Joseph Rimmer

Personal information
- Full name: Joseph Rimmer
- Born: 6 January 1925 Langwith, Derbyshire, England
- Died: 9 July 2011 (aged 86) Mansfield, Nottinghamshire, England
- Batting: Right-handed
- Bowling: Right-arm medium

Domestic team information
- 1949: Derbyshire
- FC debut: 1 June 1949 Derbyshire v Sussex
- Last FC: 23 July 1949 Derbyshire v Nottinghamshire

Career statistics
| Competition | First-class |
| Matches | 3 |
| Runs scored | 1 |
| Batting average | 1.00 |
| 100s/50s | 0/0 |
| Top score | 1* |
| Balls bowled | 381 |
| Wickets | 5 |
| Bowling average | 52.80 |
| 5 wickets in innings | 0 |
| 10 wickets in match | 0 |
| Best bowling | 2/71 |
| Catches/stumpings | 0/– |
- Source: CricketArchive, January 2012

= Joseph Rimmer =

English cricketer

Joseph Rimmer (6 January 1925 – 9 July 2011) was an English cricketer who played for first-class cricket for Derbyshire in 1949.

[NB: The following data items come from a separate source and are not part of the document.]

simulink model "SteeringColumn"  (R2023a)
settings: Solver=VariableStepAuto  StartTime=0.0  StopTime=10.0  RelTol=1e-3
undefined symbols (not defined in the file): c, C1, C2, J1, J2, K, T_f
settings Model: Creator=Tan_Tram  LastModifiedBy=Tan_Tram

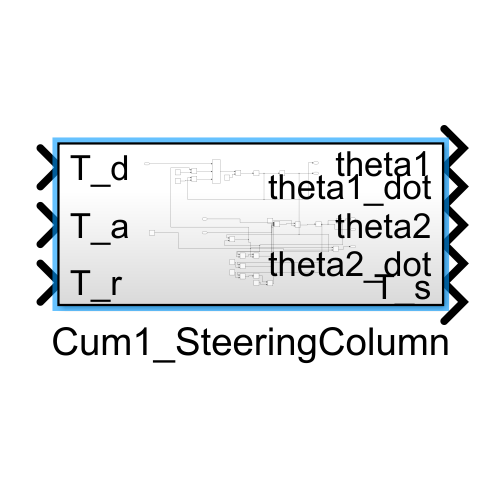
[thumbnail: Simulink's stored preview of the top-level diagram]
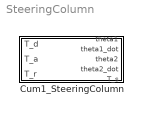
== system SteeringColumn ==
  Cum1_SteeringColumn : Subsystem

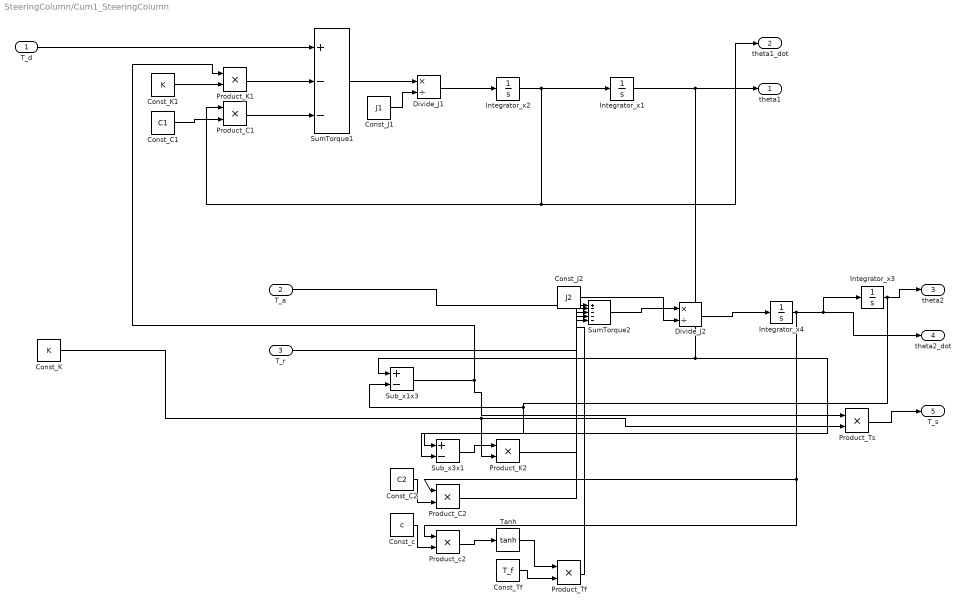
== system SteeringColumn/Cum1_SteeringColumn ==
  T_d : Inport
  T_a : Inport  Port=2
  T_r : Inport  Port=3
  Const_C1 : Constant  Value=C1
  Const_C2 : Constant  Value=C2
  Const_J1 : Constant  Value=J1
  Const_J2 : Constant  Value=J2
  Const_K : Constant  Value=K
  Const_K1 : Constant  Value=K
  Const_Tf : Constant  Value=T_f
  Const_c : Constant  Value=c
  Divide_J1 : Product  Inputs=*/
  Divide_J2 : Product  Inputs=*/
  Integrator_x{1..4} (4 alike) : Integrator
  Product_C1 : Product
  Product_C2 : Product
  Product_K1 : Product
  Product_K2 : Product
  Product_Tf : Product
  Product_Ts : Product
  Product_c2 : Product
  Sub_x1x3 : Sum  Inputs=+-
  Sub_x3x1 : Sum  Inputs=+-
  SumTorque1 : Sum  Inputs=+--
  SumTorque2 : Sum  Inputs=+----
  Tanh : Trigonometry  Operator=tanh
  theta1 : Outport
  theta1_dot : Outport  Port=2
  theta2 : Outport  Port=3
  theta2_dot : Outport  Port=4
  T_s : Outport  Port=5
  wires:
  Integrator_x1/1 -> theta1/1, Sub_x3x1/2, Sub_x1x3/1
  Integrator_x3/1 -> Sub_x1x3/2, Sub_x3x1/1, theta2/1
  Sub_x1x3/1 -> Product_K1/1, Product_Ts/1
  Const_K/1 -> Product_Ts/2, Product_K2/2
  Integrator_x2/1 -> theta1_dot/1, Product_C1/1, Integrator_x1/1
  Const_C1/1 -> Product_C1/2
  T_d/1 -> SumTorque1/1
  Product_K1/1 -> SumTorque1/2
  Product_C1/1 -> SumTorque1/3
  SumTorque1/1 -> Divide_J1/1
  Const_J1/1 -> Divide_J1/2
  Divide_J1/1 -> Integrator_x2/1
  Sub_x3x1/1 -> Product_K2/1
  Integrator_x4/1 -> Product_C2/1, Product_c2/1, Integrator_x3/1, theta2_dot/1
  Const_C2/1 -> Product_C2/2
  Const_c/1 -> Product_c2/2
  Product_c2/1 -> Tanh/1
  Tanh/1 -> Product_Tf/1
  Const_Tf/1 -> Product_Tf/2
  T_a/1 -> SumTorque2/1
  T_r/1 -> SumTorque2/2
  Product_Tf/1 -> SumTorque2/3
  Product_C2/1 -> SumTorque2/4
  Product_K2/1 -> SumTorque2/5
  SumTorque2/1 -> Divide_J2/1
  Const_J2/1 -> Divide_J2/2
  Divide_J2/1 -> Integrator_x4/1
  Product_Ts/1 -> T_s/1
  Const_K1/1 -> Product_K1/2

Rimmer was born at Langwith, Derbyshire. He began playing for the Derbyshire second XI during the 1948 season. During the 1949 season he played three first team matches when he took wickets in all the matches and as a tail ender was only out once. His debut in the County Championship was in June against Sussex, and he only lost his wicket when he was run out against New Zealand. A season when there were four powerful bowlers in the Derbyshire team gave Rimmer little chance to show his bowling credentials and he returned to the Second XI where he played in the 1950 season.

Rimmer was a right-arm medium-pace bowler and took five first-class wickets with an average of 52.80 and a best performance of 2 for 71. He was a right-handed batsman and played three innings in three first-class matches in which he made one run altogether.